I asked Monica if Mr. Mitchell was still OK when she went to bed. She dropped her eyes then.
"I don't know because we don't sleep in the same bed. I sleep in the guestroom. Have for the last six months. Jack told me I was too old and wrinkled for him."
"Mrs. Mitchell, I hate to ask you this since you just lost your husband, but were you two having any other problems?"
Monica looked up at me with a scowl on her face.
"You think I had something to do with this?"
I shook my head.
"Mrs. Mitchell, I don't know how he died. I'm just getting information so I can figure that out. I don't suspect anybody at this point."

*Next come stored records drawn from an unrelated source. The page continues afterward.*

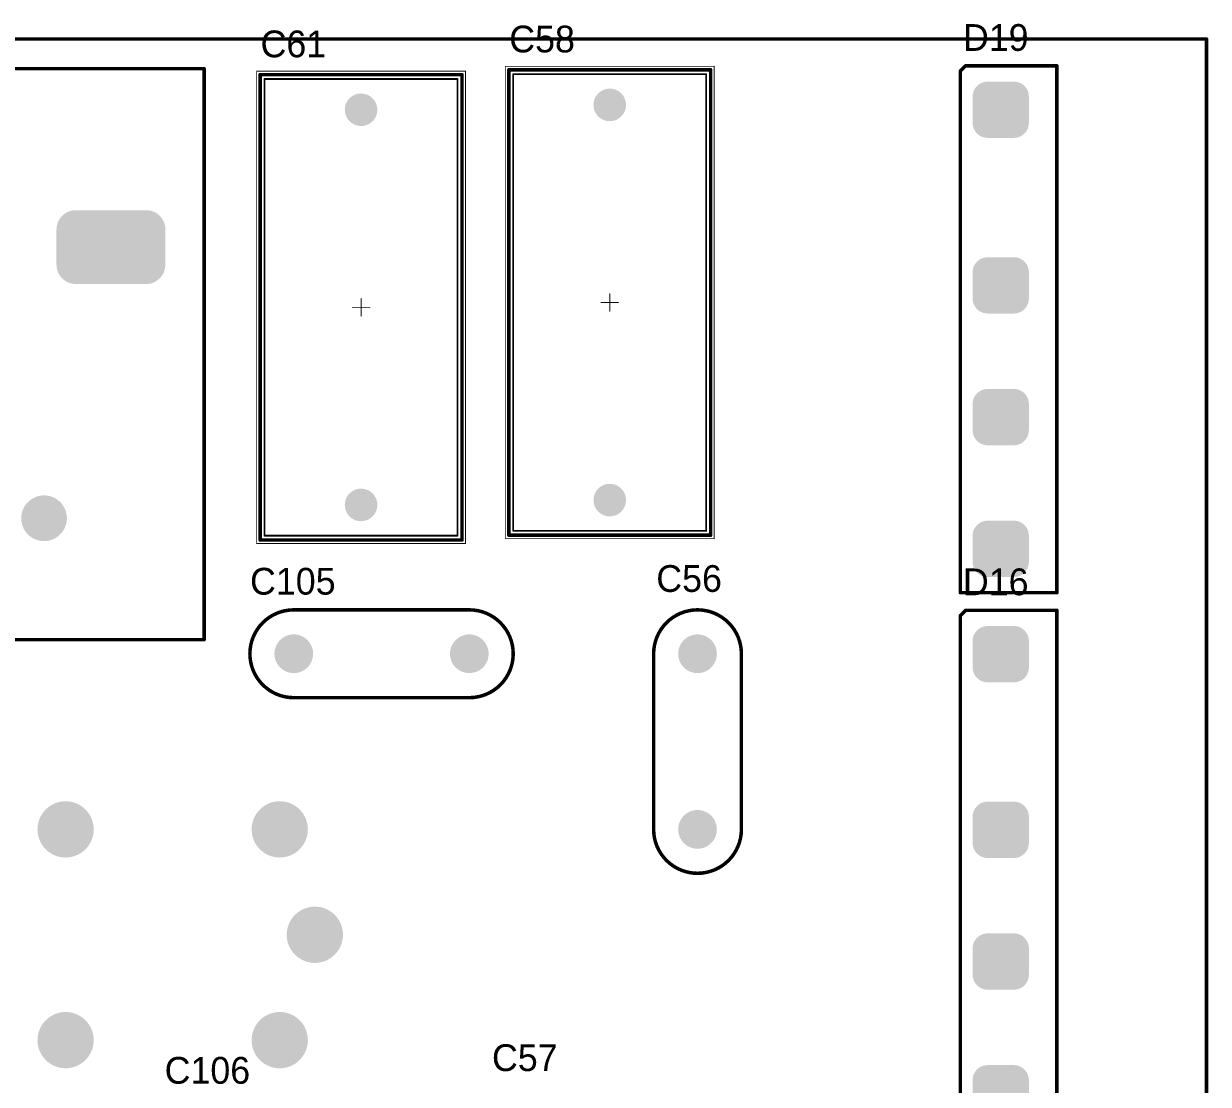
# Model space of a CAD drawing. Header units: millimetres. Extents: x 0 to 230, y -2 to 202.
# Drawn here: x 162.6 to 230.1, y 140.5 to 200.9 of the extents above; entities that cross this region are included whole.
import ezdxf

# ---------------------------------------------------------------- set-up
doc = ezdxf.new("R2010")
doc.units = ezdxf.units.MM
for name, color, linetype in [('BottomLayer', 5, 'Continuous'), ('BottomSolder', 6, 'Continuous'), ('Mechanical13', 56, 'Continuous'), ('Mechanical15', 56, 'Continuous'), ('MultiLayer', 9, 'Continuous'), ('TopLayer', 1, 'Continuous'), ('TopOverlay', 2, 'Continuous'), ('TopSolder', 216, 'Continuous')]:
    doc.layers.add(name, color=color, linetype=linetype)

# ---------------------------------------------------------------- blocks, each defined once
blk = doc.blocks.new('L26_W11_H20_P22_5_CS_16')
at = {"layer": 'BottomLayer', "const_width": 0.825}
for points in [[(-11.662, 0, 1), (-10.838, 0, 1)], [(10.838, 0, 1), (11.662, 0, 1)]]:
    blk.add_lwpolyline(points, format="xyb", close=True, dxfattribs=at)
at = {"layer": 'BottomSolder', "const_width": 0.927}
for points in [[(-11.713, 0, 1), (-10.787, 0, 1)], [(10.787, 0, 1), (11.713, 0, 1)]]:
    blk.add_lwpolyline(points, format="xyb", close=True, dxfattribs=at)
at = {"layer": 'Mechanical13', "const_width": 0.1}
for points in [[(-13, -5.5), (-13, 5.5)], [(13, 5.5), (-13, 5.5)], [(13, -5.5), (13, 5.5)], [(13, -5.5), (-13, -5.5)]]:
    blk.add_lwpolyline(points, dxfattribs=at)
at = {"layer": 'Mechanical13', "const_width": 0.05}
for points in [[(-13.025, 5.5, 1), (-12.975, 5.5, 1)], [(-13.025, 5.5, 1), (-12.975, 5.5, 1)], [(12.975, 5.5, 1), (13.025, 5.5, 1)], [(12.975, 5.5, 1), (13.025, 5.5, 1)], [(-13.025, -5.5, 1), (-12.975, -5.5, 1)], [(-13.025, -5.5, 1), (-12.975, -5.5, 1)], [(12.975, -5.5, 1), (13.025, -5.5, 1)], [(12.975, -5.5, 1), (13.025, -5.5, 1)]]:
    blk.add_lwpolyline(points, format="xyb", close=True, dxfattribs=at)
at = {"layer": 'Mechanical15', "const_width": 0.05}
for points in [[(13.45, 5.95), (-13.45, 5.95)], [(-13.45, -5.95), (-13.45, 5.95)], [(13.45, -5.95), (13.45, 5.95)], [(0.5, 0), (-0.5, 0)], [(0, -0.5), (0, 0.5)], [(13.45, -5.95), (-13.45, -5.95)]]:
    blk.add_lwpolyline(points, dxfattribs=at)
at = {"layer": 'Mechanical15', "const_width": 0.025}
for points in [[(-13.463, 5.95, 1), (-13.438, 5.95, 1)], [(-13.463, 5.95, 1), (-13.438, 5.95, 1)], [(13.438, 5.95, 1), (13.463, 5.95, 1)], [(13.438, 5.95, 1), (13.463, 5.95, 1)], [(-0.512, 0, 1), (-0.487, 0, 1)], [(-0.012, 0.5, 1), (0.012, 0.5, 1)], [(0.487, 0, 1), (0.512, 0, 1)], [(-0.012, -0.5, 1), (0.012, -0.5, 1)], [(-13.463, -5.95, 1), (-13.438, -5.95, 1)], [(-13.463, -5.95, 1), (-13.438, -5.95, 1)], [(13.438, -5.95, 1), (13.463, -5.95, 1)], [(13.438, -5.95, 1), (13.463, -5.95, 1)]]:
    blk.add_lwpolyline(points, format="xyb", close=True, dxfattribs=at)
at = {"layer": 'MultiLayer', "const_width": 0.825}
for points in [[(-11.662, 0, 1), (-10.838, 0, 1)], [(10.838, 0, 1), (11.662, 0, 1)]]:
    blk.add_lwpolyline(points, format="xyb", close=True, dxfattribs=at)
at = {"layer": 'TopLayer', "const_width": 0.825}
for points in [[(-11.662, 0, 1), (-10.838, 0, 1)], [(10.838, 0, 1), (11.662, 0, 1)]]:
    blk.add_lwpolyline(points, format="xyb", close=True, dxfattribs=at)
at = {"layer": 'TopOverlay', "const_width": 0.2}
for points in [[(13.25, 5.75), (-13.25, 5.75)], [(-13.25, -5.75), (-13.25, 5.75)], [(13.25, -5.75), (13.25, 5.75)], [(13.25, -5.75), (-13.25, -5.75)]]:
    blk.add_lwpolyline(points, dxfattribs=at)
at = {"layer": 'TopOverlay', "const_width": 0.1}
for points in [[(-13.3, 5.75, 1), (-13.2, 5.75, 1)], [(-13.3, 5.75, 1), (-13.2, 5.75, 1)], [(13.2, 5.75, 1), (13.3, 5.75, 1)], [(13.2, 5.75, 1), (13.3, 5.75, 1)], [(-13.3, -5.75, 1), (-13.2, -5.75, 1)], [(-13.3, -5.75, 1), (-13.2, -5.75, 1)], [(13.2, -5.75, 1), (13.3, -5.75, 1)], [(13.2, -5.75, 1), (13.3, -5.75, 1)]]:
    blk.add_lwpolyline(points, format="xyb", close=True, dxfattribs=at)
at = {"layer": 'TopSolder', "const_width": 0.927}
for points in [[(-11.713, 0, 1), (-10.787, 0, 1)], [(10.787, 0, 1), (11.713, 0, 1)]]:
    blk.add_lwpolyline(points, format="xyb", close=True, dxfattribs=at)
blk = doc.blocks.new('RELAY_T9VV1K15_12S_23')
at = {"layer": 'BottomLayer'}
for points, const_width in [([(11.47, 16.44, 1), (12.47, 16.44, 1)], 1), ([(15.47, 16.44, 1), (16.47, 16.44, 1)], 1), ([(-6.28, 14.01, 1), (-5.28, 14.01, 1)], 1), ([(-4.28, 14.01, 1), (-3.28, 14.01, 1)], 1), ([(11.47, 14.44, 1), (12.47, 14.44, 1)], 1), ([(15.47, 14.44, 1), (16.47, 14.44, 1)], 1), ([(-6.28, 10.01, 1), (-5.28, 10.01, 1)], 1), ([(-4.28, 10.01, 1), (-3.28, 10.01, 1)], 1), ([(-0.6, 0, 1), (0.6, 0, 1)], 1.2), ([(9.56, 0, 1), (10.76, 0, 1)], 1.2)]:
    blk.add_lwpolyline(points, format="xyb", close=True, dxfattribs=dict(at, const_width=const_width))
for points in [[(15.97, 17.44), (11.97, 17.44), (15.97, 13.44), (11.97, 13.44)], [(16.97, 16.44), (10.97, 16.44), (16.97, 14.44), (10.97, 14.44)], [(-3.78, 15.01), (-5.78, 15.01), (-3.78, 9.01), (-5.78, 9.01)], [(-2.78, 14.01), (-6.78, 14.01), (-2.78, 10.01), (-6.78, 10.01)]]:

"Well, yes, we were having problems. He was trying to divorce me and I wouldn't agree to give him my share of the business. I mean, when a man starts running around with another woman and then tells his wife he wants a divorce and then has the gall to tell her he wants everything they worked for, that's too much.
I didn't want him anymore, not after he started screwing her. I said if he wanted out, we'd have to split everything down the middle -- the business, savings, and checking accounts. I said I'd worked just as hard as he had and I deserved half. Right now, his lawyer and my lawyer are negotiating, but I'm not going to give up what I worked so hard for. He can have his little whore, but he's not going to leave me with nothing."